WORK INSTRUCTION = The lines to copy are those in the records below that hold the word "solids".
Content starts
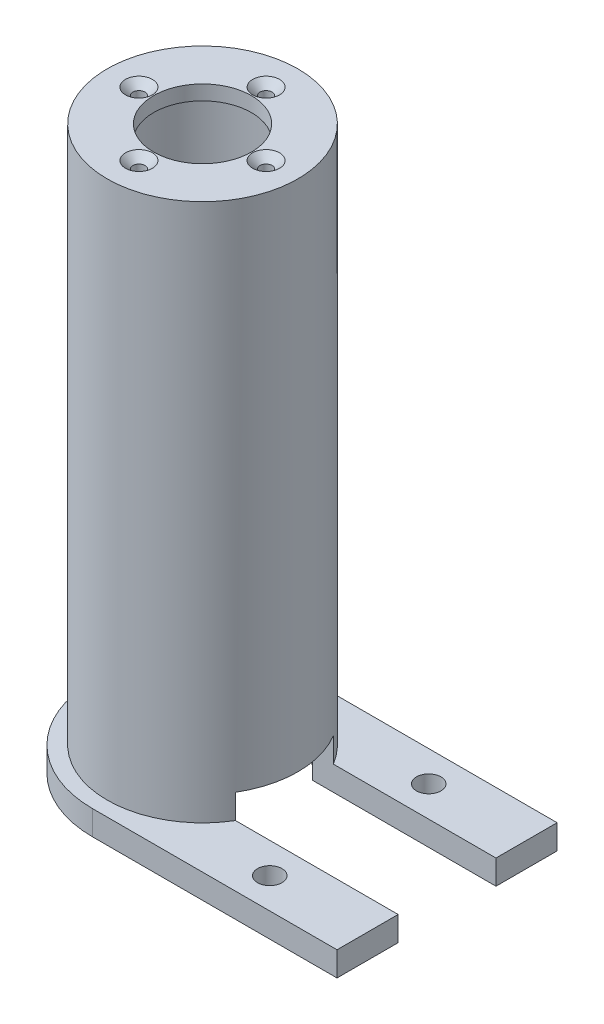
from build123d import *

# Parameters (mm, degrees)
SKETCH1_R                = 19.5
OUTERDIAMETERSTOCK_DEPTH = 115
SCREWONBASE_START        = -115
SCREWONBASE_DEPTH        = 5
INNERDIAMETER_START      = -3
SKETCH2_R                = 16
INNERDIAMETER_DEPTH      = 113
SKETCH3_R                = 10
HOLE_DEPTH               = 116
CUT_EXTRUDE3_REACH       = 117
SKETCH5_R                = 1.25
CHAMFER1_SIZE            = 1.5
WIRESLOT_START           = -115
SKETCH6_W                = 50
SKETCH6_H                = 20
WIRESLOT_DEPTH           = 10
MOUNTING_START           = -115
SKETCH7_R                = 2.5
MOUNTING_HOLES_DEPTH     = 5


with BuildPart() as part:
    # Sketch1 → OuterDiameterStock (new body)
    with BuildSketch(Plane(origin=(0, 0, 0), x_dir=(1, 0, 0), z_dir=(0, 1, 0))):
        Circle(SKETCH1_R)
    extrude(amount=-OUTERDIAMETERSTOCK_DEPTH)

    # Sketch4 → ScrewOnBase (add)
    with BuildSketch(Plane(origin=(0, 0, 0), x_dir=(1, 0, 0), z_dir=(0, 1, 0)).offset(SCREWONBASE_START)):
        with BuildLine():
            Line((0, 22.5), (50, 22.5))
            Line((50, 22.5), (50, -22.5))
            Line((50, -22.5), (0, -22.5))
            ThreePointArc((0, -22.5), (-22.5, 0), (0, 22.5))
        make_face()
    extrude(amount=SCREWONBASE_DEPTH)

    # Sketch2 → InnerDiameter (cut, through all)
    with BuildSketch(Plane(origin=(0, 0, 0), x_dir=(1, 0, 0), z_dir=(0, 1, 0)).offset(INNERDIAMETER_START)):
        Circle(SKETCH2_R)
    extrude(amount=-INNERDIAMETER_DEPTH, mode=Mode.SUBTRACT)

    # Sketch3 → Hole (cut, through all)
    with BuildSketch(Plane(origin=(0, 0, 0), x_dir=(1, 0, 0), z_dir=(0, 1, 0))):
        Circle(SKETCH3_R)
    extrude(amount=-HOLE_DEPTH, mode=Mode.SUBTRACT)

    # Sketch5 → Cut-Extrude3 (cut, up to next)
    with BuildSketch(Plane(origin=(0, 0, 0), x_dir=(1, 0, 0), z_dir=(0, 1, 0)), mode=Mode.PRIVATE) as cut_extrude3_sk1:
        with Locations((0, 13)):
            Circle(SKETCH5_R)
    cut_extrude3_tool1 = extrude(cut_extrude3_sk1.sketch, amount=-CUT_EXTRUDE3_REACH, mode=Mode.PRIVATE) & part.part
    add(cut_extrude3_tool1.solids().sort_by_distance((0, 0, -13))[0], mode=Mode.SUBTRACT)
    # Sketch5 → Cut-Extrude3 (cut, up to next)
    with BuildSketch(Plane(origin=(0, 0, 0), x_dir=(1, 0, 0), z_dir=(0, 1, 0)), mode=Mode.PRIVATE) as cut_extrude3_sk2:
        with Locations((13, 0)):
            Circle(SKETCH5_R)
    cut_extrude3_tool2 = extrude(cut_extrude3_sk2.sketch, amount=-CUT_EXTRUDE3_REACH, mode=Mode.PRIVATE) & part.part
    add(cut_extrude3_tool2.solids().sort_by_distance((13, 0, 0))[0], mode=Mode.SUBTRACT)
    # Sketch5 → Cut-Extrude3 (cut, up to next)
    with BuildSketch(Plane(origin=(0, 0, 0), x_dir=(1, 0, 0), z_dir=(0, 1, 0)), mode=Mode.PRIVATE) as cut_extrude3_sk3:
        with Locations((0, -13)):
            Circle(SKETCH5_R)
    cut_extrude3_tool3 = extrude(cut_extrude3_sk3.sketch, amount=-CUT_EXTRUDE3_REACH, mode=Mode.PRIVATE) & part.part
    add(cut_extrude3_tool3.solids().sort_by_distance((0, 0, 13))[0], mode=Mode.SUBTRACT)
    # Sketch5 → Cut-Extrude3 (cut, up to next)
    with BuildSketch(Plane(origin=(0, 0, 0), x_dir=(1, 0, 0), z_dir=(0, 1, 0)), mode=Mode.PRIVATE) as cut_extrude3_sk4:
        with Locations((-13, 0)):
            Circle(SKETCH5_R)
    cut_extrude3_tool4 = extrude(cut_extrude3_sk4.sketch, amount=-CUT_EXTRUDE3_REACH, mode=Mode.PRIVATE) & part.part
    add(cut_extrude3_tool4.solids().sort_by_distance((-13, 0, 0))[0], mode=Mode.SUBTRACT)

    # Chamfer1
    chamfer1_edges = [part.edges().sort_by_distance(p)[0] for p in [
        (-1.25, 0, -13),
        (11.75, 0, 0),
        (-1.25, 0, 13),
        (-14.25, 0, 0),
    ]]
    chamfer(chamfer1_edges, length=CHAMFER1_SIZE)

    # Sketch6 → WireSlot (cut)
    with BuildSketch(Plane(origin=(0, 0, 0), x_dir=(1, 0, 0), z_dir=(0, 1, 0)).offset(WIRESLOT_START)):
        with Locations((25, 0)):
            Rectangle(SKETCH6_W, SKETCH6_H)
    extrude(amount=WIRESLOT_DEPTH, mode=Mode.SUBTRACT)

    # Sketch7 → Mounting Holes (cut)
    with BuildSketch(Plane(origin=(0, 0, 0), x_dir=(1, 0, 0), z_dir=(0, 1, 0)).offset(MOUNTING_START)):
        with Locations((30, 16.25)):
            Circle(SKETCH7_R)
        with Locations((30, -16.25)):
            Circle(SKETCH7_R)
    extrude(amount=MOUNTING_HOLES_DEPTH, mode=Mode.SUBTRACT)


solid = part.part
Content ends
TASK RESPONSE =
    add(cut_extrude3_tool1.solids().sort_by_distance((0, 0, -13))[0], mode=Mode.SUBTRACT)
    add(cut_extrude3_tool2.solids().sort_by_distance((13, 0, 0))[0], mode=Mode.SUBTRACT)
    add(cut_extrude3_tool3.solids().sort_by_distance((0, 0, 13))[0], mode=Mode.SUBTRACT)
    add(cut_extrude3_tool4.solids().sort_by_distance((-13, 0, 0))[0], mode=Mode.SUBTRACT)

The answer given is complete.